Show all lines of the entries in which the word "examples" is found.

Top of Data for analysis

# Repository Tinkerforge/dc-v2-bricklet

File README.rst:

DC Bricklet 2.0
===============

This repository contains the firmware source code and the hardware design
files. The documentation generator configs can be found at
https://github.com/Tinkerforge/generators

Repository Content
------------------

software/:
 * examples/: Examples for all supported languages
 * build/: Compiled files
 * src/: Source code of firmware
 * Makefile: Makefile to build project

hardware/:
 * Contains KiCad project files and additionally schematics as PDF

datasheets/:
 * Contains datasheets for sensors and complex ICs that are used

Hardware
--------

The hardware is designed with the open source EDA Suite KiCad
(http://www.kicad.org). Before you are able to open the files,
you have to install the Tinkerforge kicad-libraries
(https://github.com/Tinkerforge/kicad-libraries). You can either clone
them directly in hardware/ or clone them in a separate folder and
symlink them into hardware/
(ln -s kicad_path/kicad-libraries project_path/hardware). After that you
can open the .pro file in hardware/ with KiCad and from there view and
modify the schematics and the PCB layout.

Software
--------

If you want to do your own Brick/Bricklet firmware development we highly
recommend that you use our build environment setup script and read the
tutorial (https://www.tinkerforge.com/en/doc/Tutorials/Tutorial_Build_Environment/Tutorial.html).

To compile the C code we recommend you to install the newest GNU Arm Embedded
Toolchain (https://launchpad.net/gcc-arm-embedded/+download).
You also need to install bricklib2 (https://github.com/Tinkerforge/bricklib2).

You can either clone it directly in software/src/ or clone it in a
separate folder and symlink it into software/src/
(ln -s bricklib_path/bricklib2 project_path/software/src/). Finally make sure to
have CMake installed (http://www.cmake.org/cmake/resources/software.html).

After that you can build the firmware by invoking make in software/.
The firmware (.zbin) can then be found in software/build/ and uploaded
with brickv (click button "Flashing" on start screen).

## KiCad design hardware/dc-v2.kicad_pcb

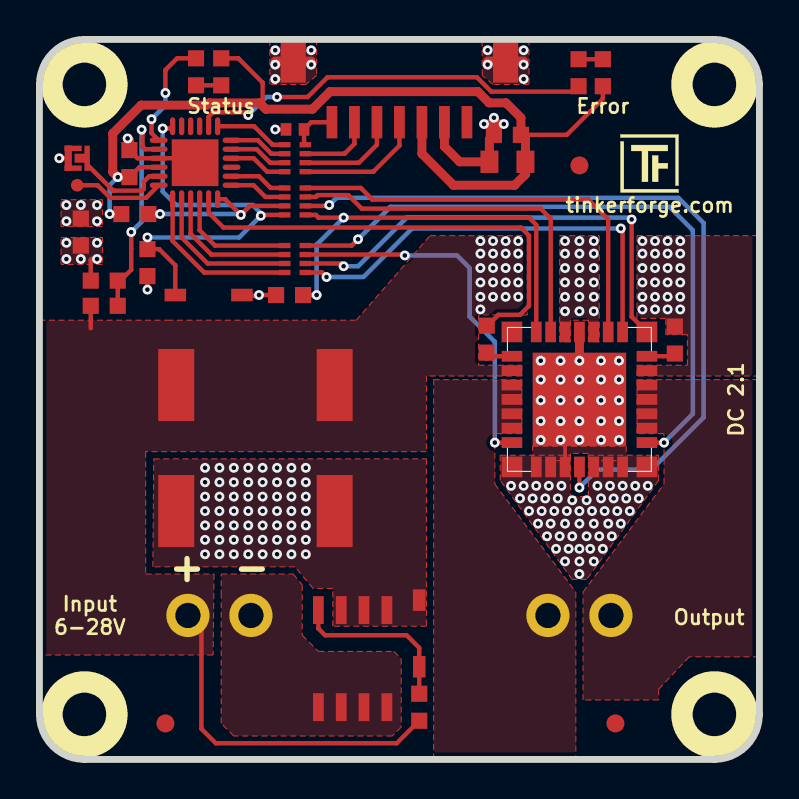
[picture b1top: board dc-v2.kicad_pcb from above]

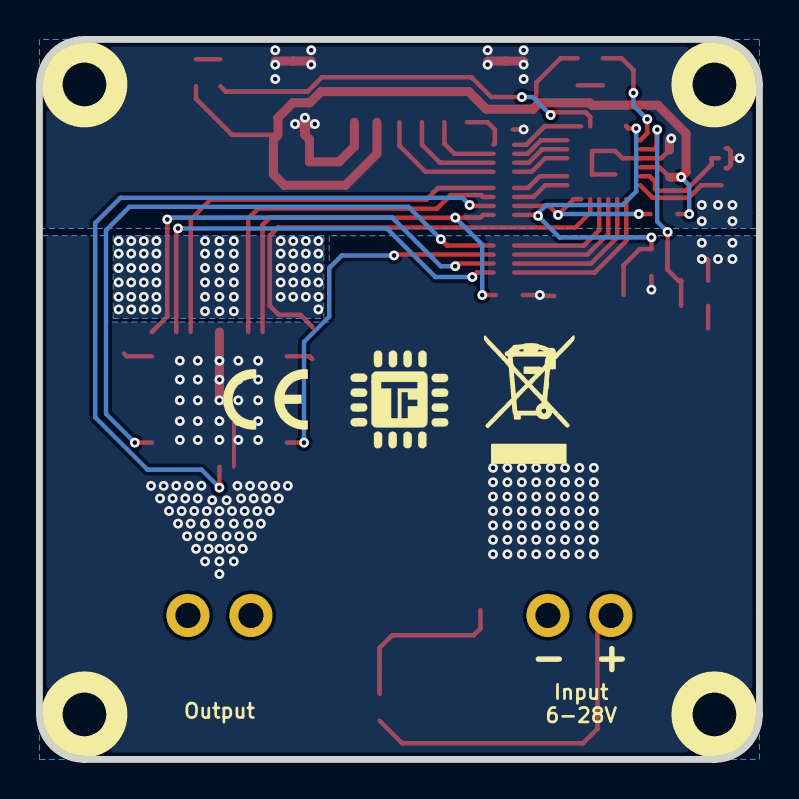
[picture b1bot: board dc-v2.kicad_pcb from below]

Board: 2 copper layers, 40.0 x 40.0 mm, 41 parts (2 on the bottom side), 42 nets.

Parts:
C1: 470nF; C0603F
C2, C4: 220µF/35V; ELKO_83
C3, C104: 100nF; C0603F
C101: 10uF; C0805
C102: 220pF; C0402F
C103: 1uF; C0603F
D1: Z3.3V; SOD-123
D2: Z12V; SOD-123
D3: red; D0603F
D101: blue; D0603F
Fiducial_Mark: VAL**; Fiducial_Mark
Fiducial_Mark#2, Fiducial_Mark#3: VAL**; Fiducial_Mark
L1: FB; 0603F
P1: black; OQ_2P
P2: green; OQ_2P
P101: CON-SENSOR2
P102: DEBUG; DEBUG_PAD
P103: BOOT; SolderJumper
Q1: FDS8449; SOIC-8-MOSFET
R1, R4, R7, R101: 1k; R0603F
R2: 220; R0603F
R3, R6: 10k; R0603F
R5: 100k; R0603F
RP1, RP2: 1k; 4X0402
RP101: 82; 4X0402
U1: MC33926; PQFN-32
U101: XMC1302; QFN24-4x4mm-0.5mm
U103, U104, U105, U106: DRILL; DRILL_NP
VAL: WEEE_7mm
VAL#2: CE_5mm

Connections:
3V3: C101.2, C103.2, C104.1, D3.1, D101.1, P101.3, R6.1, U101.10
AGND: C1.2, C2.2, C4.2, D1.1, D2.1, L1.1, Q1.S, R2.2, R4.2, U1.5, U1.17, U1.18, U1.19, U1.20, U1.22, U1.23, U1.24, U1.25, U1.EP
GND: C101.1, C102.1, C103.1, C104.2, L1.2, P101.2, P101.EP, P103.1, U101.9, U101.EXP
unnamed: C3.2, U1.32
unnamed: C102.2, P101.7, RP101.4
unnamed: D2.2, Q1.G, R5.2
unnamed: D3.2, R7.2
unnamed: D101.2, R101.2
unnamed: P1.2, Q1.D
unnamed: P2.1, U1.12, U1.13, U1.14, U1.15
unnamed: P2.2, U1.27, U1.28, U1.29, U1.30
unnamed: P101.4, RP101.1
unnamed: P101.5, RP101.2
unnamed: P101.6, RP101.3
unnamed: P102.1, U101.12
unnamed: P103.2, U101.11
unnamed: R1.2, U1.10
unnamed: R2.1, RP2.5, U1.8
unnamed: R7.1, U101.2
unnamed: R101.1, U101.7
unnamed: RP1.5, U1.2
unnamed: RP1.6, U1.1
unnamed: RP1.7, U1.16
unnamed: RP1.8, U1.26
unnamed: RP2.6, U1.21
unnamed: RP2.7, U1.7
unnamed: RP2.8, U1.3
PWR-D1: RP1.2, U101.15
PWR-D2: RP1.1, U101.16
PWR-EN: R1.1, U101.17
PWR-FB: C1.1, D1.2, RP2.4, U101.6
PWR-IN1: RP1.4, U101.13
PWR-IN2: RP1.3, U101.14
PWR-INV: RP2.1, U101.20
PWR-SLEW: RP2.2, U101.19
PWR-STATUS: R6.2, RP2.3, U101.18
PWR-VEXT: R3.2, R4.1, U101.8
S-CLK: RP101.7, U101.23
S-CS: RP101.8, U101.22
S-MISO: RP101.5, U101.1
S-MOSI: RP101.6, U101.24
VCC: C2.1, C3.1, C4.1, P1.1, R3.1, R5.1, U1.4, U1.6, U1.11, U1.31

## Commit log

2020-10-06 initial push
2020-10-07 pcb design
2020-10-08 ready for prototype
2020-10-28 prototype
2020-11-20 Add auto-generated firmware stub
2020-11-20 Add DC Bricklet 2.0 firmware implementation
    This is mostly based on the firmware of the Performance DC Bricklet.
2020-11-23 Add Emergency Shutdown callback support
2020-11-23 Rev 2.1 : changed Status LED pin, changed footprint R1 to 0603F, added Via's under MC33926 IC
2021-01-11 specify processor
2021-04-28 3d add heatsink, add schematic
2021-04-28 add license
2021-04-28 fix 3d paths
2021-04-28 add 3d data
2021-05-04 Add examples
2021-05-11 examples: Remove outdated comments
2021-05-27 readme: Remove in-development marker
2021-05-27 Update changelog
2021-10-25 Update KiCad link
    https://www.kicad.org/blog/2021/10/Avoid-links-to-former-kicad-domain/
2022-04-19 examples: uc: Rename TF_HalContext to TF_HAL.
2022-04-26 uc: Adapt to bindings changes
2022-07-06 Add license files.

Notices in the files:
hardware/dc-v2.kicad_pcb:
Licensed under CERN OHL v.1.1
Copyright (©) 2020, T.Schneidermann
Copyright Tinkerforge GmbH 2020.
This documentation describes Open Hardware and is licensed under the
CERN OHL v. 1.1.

Bottom of Data for analysis

[Solution to the exercise]
 * examples/: Examples for all supported languages
2021-05-04 Add examples
2021-05-11 examples: Remove outdated comments
2022-04-19 examples: uc: Rename TF_HalContext to TF_HAL.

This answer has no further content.